In the records below, find the line that contains "import ezdxf" and the line that contains "msp = doc.modelspace()", then retype exactly those two lines and every line between them.
INFORMATION START
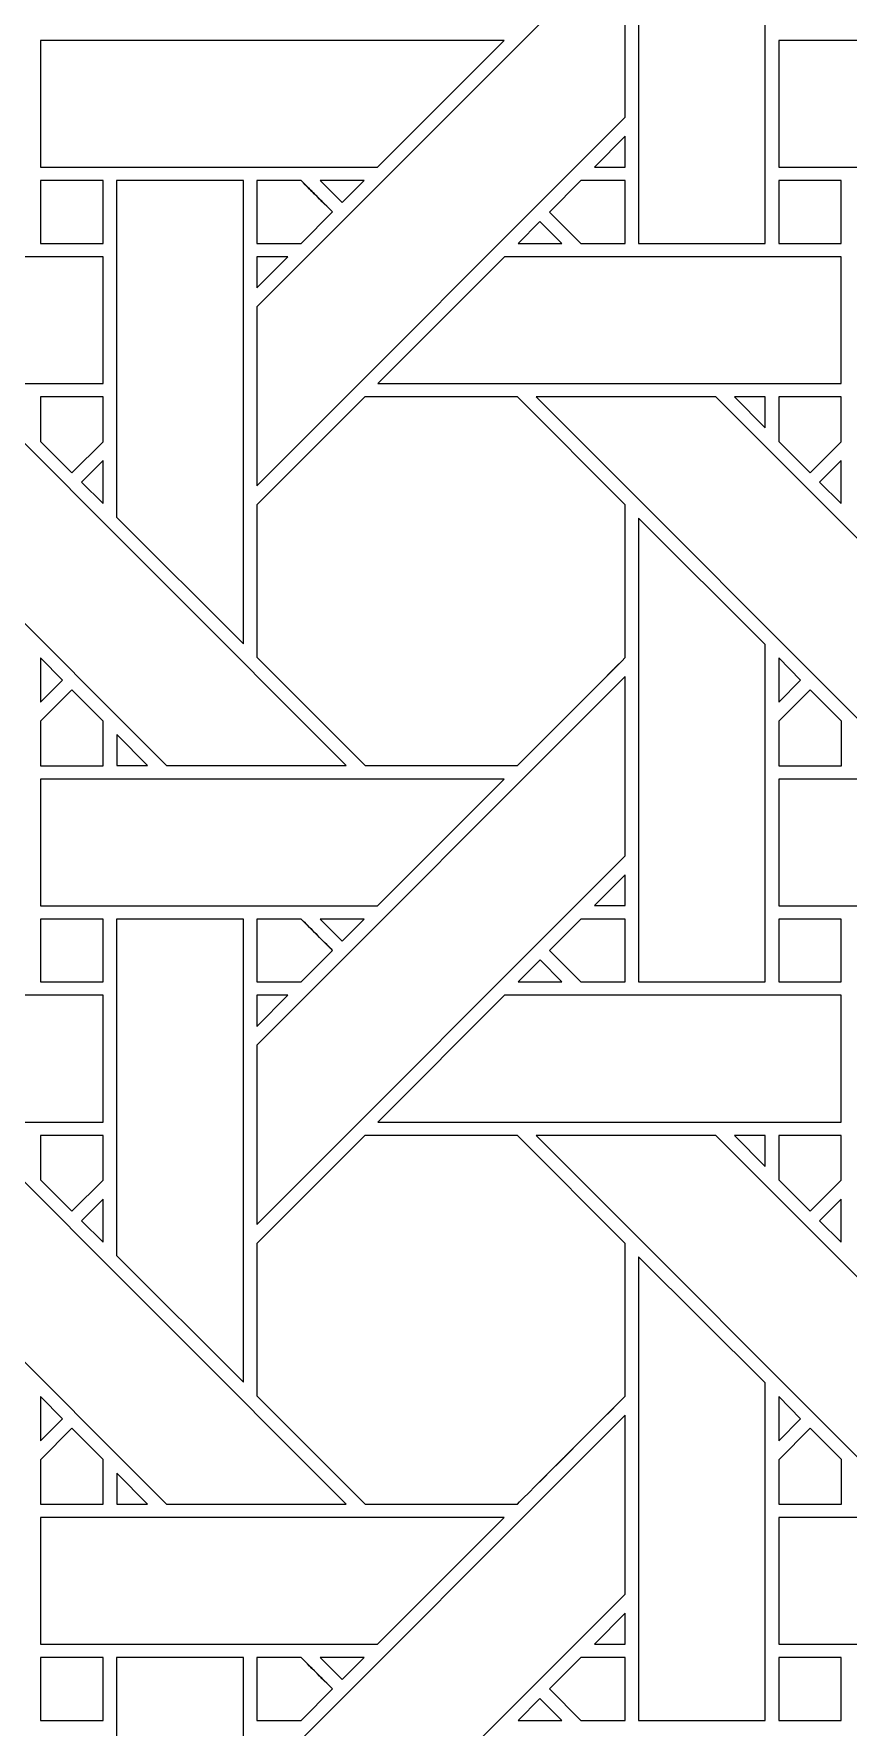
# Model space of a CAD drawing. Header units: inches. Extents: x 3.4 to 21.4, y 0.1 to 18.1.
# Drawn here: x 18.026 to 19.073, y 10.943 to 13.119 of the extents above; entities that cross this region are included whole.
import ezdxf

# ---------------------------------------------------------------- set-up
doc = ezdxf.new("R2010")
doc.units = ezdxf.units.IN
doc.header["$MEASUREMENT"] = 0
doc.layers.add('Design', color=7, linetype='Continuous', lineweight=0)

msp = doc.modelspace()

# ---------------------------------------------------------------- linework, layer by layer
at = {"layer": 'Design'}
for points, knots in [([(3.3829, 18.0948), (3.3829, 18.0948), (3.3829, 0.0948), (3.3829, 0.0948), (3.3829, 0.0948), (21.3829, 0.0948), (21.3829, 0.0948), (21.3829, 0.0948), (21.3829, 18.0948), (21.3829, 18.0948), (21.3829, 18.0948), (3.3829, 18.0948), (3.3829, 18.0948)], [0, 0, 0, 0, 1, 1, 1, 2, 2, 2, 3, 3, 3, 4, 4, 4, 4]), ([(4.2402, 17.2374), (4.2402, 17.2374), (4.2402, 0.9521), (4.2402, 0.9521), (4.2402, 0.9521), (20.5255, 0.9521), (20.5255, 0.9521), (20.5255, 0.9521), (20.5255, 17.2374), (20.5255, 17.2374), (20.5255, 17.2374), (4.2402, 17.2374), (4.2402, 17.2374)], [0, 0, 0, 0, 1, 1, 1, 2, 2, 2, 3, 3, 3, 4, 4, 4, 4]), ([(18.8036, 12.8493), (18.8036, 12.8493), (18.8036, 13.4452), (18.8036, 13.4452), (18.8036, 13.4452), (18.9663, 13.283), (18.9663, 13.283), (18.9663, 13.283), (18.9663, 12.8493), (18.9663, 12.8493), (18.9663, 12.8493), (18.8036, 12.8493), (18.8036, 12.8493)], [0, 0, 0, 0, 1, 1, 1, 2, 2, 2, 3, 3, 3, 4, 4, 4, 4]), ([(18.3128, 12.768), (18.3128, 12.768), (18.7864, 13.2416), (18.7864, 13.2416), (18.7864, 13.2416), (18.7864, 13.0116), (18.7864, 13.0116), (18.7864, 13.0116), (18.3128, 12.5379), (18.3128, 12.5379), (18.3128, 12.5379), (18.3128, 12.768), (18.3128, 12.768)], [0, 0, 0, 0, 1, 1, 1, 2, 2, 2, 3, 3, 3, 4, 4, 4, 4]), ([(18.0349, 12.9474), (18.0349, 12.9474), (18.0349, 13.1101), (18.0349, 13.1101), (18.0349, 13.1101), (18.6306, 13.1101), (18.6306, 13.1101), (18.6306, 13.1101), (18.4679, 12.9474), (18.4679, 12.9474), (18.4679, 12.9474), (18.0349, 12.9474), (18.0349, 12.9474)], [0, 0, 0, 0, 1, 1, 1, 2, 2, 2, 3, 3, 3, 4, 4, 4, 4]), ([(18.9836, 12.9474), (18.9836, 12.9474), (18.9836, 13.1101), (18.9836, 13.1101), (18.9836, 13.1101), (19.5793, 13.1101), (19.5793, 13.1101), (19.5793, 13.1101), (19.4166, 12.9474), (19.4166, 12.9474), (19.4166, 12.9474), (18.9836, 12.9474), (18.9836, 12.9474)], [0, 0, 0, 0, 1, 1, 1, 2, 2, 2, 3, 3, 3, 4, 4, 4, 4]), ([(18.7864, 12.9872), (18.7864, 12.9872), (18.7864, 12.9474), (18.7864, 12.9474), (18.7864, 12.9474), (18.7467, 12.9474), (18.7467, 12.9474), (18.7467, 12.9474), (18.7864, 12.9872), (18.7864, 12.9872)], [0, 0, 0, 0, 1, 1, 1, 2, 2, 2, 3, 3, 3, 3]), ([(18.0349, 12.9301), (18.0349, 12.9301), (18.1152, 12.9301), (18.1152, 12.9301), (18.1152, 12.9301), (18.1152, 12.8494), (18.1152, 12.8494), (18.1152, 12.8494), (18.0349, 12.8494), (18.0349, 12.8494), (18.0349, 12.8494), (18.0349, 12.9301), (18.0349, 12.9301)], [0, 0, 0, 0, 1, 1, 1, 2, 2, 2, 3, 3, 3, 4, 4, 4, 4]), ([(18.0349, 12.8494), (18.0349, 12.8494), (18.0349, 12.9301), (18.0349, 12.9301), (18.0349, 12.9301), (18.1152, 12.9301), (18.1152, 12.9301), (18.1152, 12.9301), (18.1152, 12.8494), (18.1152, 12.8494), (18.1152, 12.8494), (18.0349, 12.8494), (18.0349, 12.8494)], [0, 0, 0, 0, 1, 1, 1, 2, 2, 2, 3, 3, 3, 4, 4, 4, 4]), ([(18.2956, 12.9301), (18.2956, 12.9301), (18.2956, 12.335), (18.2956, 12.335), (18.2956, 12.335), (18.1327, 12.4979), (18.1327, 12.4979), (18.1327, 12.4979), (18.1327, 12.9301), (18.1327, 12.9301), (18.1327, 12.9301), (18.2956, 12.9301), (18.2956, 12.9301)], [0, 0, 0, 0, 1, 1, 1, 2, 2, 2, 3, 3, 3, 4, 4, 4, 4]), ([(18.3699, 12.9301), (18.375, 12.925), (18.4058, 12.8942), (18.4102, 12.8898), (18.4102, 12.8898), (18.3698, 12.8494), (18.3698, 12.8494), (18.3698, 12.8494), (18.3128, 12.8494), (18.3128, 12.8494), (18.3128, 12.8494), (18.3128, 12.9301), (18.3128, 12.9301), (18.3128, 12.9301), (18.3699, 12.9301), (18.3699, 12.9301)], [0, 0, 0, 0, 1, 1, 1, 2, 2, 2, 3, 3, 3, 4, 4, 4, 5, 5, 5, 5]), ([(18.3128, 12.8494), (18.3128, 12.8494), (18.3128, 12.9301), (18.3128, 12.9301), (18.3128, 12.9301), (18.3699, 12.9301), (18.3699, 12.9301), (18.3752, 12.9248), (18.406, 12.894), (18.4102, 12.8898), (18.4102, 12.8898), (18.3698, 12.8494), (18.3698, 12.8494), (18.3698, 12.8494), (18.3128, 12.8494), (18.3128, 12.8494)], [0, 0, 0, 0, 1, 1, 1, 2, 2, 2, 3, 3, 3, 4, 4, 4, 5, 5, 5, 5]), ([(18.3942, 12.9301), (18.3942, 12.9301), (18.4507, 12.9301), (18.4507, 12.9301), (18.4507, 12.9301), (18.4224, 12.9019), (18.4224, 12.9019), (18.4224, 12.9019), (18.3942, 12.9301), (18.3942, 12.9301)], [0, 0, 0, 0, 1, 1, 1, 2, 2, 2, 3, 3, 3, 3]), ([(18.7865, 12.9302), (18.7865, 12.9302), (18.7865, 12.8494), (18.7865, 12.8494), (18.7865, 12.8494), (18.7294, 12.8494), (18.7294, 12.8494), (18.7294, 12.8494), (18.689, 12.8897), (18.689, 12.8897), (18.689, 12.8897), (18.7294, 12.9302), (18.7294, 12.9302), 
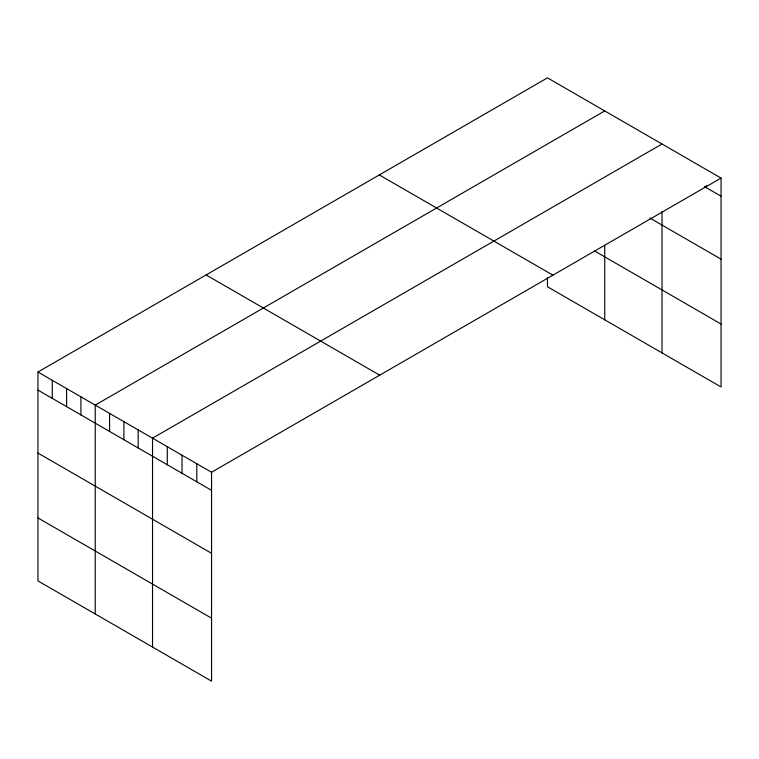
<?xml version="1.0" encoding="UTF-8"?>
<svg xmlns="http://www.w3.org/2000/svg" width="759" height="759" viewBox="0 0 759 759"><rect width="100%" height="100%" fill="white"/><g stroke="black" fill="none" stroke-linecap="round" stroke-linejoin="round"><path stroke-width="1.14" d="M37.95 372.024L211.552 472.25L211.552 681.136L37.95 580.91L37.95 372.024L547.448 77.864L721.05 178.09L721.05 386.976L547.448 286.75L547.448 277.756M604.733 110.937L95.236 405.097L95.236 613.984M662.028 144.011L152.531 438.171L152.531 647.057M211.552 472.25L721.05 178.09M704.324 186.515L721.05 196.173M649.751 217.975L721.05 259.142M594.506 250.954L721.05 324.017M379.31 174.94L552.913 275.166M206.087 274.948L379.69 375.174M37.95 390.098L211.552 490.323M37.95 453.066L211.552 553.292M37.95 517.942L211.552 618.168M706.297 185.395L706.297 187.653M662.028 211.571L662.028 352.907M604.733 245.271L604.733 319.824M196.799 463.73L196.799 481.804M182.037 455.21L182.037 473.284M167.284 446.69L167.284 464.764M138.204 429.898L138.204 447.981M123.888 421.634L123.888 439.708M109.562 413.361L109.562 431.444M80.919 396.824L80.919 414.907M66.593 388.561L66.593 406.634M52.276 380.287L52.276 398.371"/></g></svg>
INFORMATION END
REPLY TO THE EXERCISE.
import ezdxf

# ---------------------------------------------------------------- set-up
doc = ezdxf.new("R2010")
doc.units = ezdxf.units.IN
doc.header["$MEASUREMENT"] = 0
doc.layers.add('Design', color=7, linetype='Continuous', lineweight=0)

msp = doc.modelspace()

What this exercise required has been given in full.